**WORK REQUIRED**
In the entries below, find the line containing "ports NOT ETHERNET" and the line containing "File: electronics/encoder_can_v2/encoder_can_v2.kicad_pcb (KiCad". Copy those two lines and everything between them exactly, and only that.

**DATA FOR THIS TASK**
--- START ---

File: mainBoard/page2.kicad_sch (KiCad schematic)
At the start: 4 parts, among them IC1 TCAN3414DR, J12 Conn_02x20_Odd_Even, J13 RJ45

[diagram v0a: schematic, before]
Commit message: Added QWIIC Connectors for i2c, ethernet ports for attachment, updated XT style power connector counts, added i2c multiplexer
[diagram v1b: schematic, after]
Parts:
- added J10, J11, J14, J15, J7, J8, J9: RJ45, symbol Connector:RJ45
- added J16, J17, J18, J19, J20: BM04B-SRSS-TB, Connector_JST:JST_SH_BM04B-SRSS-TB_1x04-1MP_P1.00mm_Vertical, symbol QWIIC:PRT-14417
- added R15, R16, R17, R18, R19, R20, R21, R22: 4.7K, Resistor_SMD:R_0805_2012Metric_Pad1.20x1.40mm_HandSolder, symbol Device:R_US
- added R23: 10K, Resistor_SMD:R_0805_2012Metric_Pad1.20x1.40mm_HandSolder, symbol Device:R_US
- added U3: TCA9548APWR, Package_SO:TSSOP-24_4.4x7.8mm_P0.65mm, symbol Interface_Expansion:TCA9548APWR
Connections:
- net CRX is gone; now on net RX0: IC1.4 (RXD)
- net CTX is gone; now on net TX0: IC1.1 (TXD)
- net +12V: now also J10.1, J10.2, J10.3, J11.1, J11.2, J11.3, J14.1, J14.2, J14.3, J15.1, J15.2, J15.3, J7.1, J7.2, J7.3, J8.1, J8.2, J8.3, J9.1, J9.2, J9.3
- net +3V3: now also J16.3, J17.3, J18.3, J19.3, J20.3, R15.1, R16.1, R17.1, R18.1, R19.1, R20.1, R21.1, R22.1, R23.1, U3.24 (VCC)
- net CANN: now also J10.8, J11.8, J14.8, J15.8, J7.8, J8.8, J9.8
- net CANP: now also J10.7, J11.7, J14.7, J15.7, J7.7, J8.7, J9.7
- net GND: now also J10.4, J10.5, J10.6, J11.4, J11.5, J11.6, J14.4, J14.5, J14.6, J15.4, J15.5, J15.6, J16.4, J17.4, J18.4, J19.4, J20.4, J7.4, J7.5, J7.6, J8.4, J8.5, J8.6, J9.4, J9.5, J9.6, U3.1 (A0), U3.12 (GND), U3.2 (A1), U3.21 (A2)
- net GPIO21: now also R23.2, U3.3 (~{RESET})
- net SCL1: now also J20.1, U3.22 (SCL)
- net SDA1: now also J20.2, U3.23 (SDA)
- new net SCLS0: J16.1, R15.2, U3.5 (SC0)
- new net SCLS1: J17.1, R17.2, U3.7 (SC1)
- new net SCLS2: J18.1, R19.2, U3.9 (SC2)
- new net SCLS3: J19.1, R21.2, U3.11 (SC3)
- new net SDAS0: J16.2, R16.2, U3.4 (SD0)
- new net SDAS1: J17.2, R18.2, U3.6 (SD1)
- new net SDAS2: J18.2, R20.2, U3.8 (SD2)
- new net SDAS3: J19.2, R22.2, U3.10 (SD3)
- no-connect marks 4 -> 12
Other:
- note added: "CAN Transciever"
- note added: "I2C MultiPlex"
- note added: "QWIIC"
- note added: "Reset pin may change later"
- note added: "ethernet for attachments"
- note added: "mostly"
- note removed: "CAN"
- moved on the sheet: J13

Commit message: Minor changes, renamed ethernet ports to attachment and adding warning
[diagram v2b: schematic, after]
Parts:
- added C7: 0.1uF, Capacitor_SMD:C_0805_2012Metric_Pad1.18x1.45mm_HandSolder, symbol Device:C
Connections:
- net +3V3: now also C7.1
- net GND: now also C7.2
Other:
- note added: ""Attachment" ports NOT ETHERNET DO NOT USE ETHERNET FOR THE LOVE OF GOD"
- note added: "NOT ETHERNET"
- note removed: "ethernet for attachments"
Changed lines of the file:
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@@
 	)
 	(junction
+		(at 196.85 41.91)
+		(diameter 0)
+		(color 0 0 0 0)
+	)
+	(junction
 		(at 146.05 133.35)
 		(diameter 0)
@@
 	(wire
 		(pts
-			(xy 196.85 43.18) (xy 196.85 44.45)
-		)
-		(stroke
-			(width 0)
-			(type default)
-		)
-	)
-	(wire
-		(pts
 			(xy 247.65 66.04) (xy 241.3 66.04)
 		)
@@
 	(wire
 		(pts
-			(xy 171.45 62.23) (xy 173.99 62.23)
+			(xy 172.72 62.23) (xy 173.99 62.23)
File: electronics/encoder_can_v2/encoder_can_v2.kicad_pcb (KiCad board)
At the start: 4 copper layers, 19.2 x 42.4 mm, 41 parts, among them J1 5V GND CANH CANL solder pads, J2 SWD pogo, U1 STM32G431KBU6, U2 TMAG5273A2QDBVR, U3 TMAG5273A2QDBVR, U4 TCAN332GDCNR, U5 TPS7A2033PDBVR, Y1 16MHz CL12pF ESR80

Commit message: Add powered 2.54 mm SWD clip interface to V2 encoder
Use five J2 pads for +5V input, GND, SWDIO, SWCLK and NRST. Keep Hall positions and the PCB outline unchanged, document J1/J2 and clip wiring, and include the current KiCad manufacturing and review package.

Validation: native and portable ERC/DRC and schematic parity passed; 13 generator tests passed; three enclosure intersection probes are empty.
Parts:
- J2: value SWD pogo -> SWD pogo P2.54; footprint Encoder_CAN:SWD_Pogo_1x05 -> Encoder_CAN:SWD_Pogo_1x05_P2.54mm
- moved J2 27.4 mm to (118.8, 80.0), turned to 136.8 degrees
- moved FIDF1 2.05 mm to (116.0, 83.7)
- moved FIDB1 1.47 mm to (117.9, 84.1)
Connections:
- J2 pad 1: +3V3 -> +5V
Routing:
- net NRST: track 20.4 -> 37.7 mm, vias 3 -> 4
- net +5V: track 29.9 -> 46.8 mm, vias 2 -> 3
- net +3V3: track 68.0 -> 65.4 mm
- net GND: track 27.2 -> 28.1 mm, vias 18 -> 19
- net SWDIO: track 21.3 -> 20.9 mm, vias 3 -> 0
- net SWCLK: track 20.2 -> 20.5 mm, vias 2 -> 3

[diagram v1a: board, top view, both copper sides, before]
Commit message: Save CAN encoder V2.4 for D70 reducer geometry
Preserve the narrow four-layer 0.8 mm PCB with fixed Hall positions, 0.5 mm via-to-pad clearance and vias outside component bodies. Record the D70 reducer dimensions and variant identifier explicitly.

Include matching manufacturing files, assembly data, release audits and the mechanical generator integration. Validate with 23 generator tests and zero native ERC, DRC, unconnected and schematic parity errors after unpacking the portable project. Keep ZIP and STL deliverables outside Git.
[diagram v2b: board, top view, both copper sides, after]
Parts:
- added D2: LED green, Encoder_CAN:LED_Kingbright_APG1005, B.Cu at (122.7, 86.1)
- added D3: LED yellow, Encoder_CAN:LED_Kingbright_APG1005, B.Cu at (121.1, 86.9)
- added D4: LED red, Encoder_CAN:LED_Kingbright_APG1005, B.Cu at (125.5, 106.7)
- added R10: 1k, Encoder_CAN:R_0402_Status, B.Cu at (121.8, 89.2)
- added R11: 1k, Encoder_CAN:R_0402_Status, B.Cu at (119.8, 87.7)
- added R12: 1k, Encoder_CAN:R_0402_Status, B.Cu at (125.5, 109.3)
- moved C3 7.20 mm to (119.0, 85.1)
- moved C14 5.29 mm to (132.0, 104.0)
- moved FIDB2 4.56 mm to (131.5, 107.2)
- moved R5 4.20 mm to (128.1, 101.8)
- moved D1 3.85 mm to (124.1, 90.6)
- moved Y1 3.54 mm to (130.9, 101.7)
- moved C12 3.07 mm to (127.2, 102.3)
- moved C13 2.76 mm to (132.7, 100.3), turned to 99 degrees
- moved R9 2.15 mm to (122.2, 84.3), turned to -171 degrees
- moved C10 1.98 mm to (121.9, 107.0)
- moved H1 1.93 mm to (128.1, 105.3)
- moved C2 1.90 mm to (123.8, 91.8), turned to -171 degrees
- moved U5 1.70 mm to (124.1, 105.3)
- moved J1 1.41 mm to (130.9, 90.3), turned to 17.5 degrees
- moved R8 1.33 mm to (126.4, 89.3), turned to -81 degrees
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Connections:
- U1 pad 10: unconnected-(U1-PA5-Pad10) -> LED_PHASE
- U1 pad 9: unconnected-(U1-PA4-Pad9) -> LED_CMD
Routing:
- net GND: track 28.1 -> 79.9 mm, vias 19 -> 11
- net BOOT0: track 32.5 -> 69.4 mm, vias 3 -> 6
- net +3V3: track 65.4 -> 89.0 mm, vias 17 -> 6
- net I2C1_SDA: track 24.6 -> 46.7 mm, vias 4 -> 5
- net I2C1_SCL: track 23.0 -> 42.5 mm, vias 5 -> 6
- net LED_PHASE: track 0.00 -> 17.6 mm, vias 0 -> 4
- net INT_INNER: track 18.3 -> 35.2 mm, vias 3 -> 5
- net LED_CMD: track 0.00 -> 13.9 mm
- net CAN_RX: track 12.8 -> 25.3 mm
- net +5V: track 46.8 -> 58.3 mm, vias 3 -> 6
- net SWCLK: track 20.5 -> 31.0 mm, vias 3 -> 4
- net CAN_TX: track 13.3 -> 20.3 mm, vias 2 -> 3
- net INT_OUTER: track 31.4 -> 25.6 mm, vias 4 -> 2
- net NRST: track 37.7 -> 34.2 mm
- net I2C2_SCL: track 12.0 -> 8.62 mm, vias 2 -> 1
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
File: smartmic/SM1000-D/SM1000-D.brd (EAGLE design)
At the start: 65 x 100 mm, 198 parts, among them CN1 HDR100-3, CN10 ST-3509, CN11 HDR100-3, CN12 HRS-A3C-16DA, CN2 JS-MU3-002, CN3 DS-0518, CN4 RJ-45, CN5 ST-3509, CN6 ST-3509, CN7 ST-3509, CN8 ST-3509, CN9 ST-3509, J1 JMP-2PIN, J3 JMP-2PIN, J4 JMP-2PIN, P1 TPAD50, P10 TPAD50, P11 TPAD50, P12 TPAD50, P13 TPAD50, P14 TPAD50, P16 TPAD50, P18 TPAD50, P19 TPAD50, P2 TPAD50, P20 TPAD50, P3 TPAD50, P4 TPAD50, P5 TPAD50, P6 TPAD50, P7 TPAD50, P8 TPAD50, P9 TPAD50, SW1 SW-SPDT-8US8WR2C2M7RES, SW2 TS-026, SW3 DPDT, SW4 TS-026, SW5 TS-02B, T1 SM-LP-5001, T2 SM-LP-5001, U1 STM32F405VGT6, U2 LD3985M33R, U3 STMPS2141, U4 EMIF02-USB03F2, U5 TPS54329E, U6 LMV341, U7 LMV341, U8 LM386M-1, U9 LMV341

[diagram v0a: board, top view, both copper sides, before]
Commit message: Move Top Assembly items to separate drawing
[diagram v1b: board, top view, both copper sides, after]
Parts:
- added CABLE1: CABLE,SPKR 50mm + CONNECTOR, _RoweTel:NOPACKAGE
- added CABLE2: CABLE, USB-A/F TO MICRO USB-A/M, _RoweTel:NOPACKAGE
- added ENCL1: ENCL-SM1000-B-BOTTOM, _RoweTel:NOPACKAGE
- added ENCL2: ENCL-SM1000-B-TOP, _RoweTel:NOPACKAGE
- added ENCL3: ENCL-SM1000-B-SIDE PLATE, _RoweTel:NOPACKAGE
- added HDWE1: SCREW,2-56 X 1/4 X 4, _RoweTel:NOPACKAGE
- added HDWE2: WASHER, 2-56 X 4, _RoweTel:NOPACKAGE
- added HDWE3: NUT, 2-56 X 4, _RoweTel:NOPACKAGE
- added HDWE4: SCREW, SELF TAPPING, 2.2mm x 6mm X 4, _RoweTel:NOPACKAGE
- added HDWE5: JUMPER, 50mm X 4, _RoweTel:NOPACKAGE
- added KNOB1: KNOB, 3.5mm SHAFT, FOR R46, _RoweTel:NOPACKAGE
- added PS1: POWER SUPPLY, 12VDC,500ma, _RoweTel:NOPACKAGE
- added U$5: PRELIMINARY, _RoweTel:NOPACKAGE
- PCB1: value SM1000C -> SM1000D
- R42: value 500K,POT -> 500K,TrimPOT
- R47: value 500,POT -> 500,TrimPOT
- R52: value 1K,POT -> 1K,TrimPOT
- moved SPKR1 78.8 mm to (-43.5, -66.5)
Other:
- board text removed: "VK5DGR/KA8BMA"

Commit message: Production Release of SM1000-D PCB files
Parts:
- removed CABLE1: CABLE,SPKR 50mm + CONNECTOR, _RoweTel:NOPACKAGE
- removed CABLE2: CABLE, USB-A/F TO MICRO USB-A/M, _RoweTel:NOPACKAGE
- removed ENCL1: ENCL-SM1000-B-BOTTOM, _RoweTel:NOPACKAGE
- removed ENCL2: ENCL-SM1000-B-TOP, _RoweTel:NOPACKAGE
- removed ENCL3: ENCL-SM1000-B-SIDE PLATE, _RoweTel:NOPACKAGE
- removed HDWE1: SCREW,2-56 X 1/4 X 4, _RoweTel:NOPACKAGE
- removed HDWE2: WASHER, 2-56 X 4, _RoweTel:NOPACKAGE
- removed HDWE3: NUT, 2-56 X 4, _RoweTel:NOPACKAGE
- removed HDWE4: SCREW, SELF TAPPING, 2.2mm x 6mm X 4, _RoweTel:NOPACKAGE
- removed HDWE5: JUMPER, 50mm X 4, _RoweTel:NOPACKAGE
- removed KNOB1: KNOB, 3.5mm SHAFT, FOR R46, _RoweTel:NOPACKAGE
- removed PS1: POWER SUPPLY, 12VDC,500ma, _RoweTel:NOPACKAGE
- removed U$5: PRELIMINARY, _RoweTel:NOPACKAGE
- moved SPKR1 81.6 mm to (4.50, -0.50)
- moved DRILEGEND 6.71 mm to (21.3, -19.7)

--- END ---

**EXERCISE RESPONSE**
- note added: ""Attachment" ports NOT ETHERNET DO NOT USE ETHERNET FOR THE LOVE OF GOD"
- note added: "NOT ETHERNET"
- note removed: "ethernet for attachments"
Changed lines of the file:
@@
 	)
 	(junction
+		(at 196.85 41.91)
+		(diameter 0)
+		(color 0 0 0 0)
+	)
+	(junction
 		(at 146.05 133.35)
 		(diameter 0)
@@
 	(wire
 		(pts
-			(xy 196.85 43.18) (xy 196.85 44.45)
-		)
-		(stroke
-			(width 0)
-			(type default)
-		)
-	)
-	(wire
-		(pts
 			(xy 247.65 66.04) (xy 241.3 66.04)
 		)
@@
 	(wire
 		(pts
-			(xy 171.45 62.23) (xy 173.99 62.23)
+			(xy 172.72 62.23) (xy 173.99 62.23)
File: electronics/encoder_can_v2/encoder_can_v2.kicad_pcb (KiCad board)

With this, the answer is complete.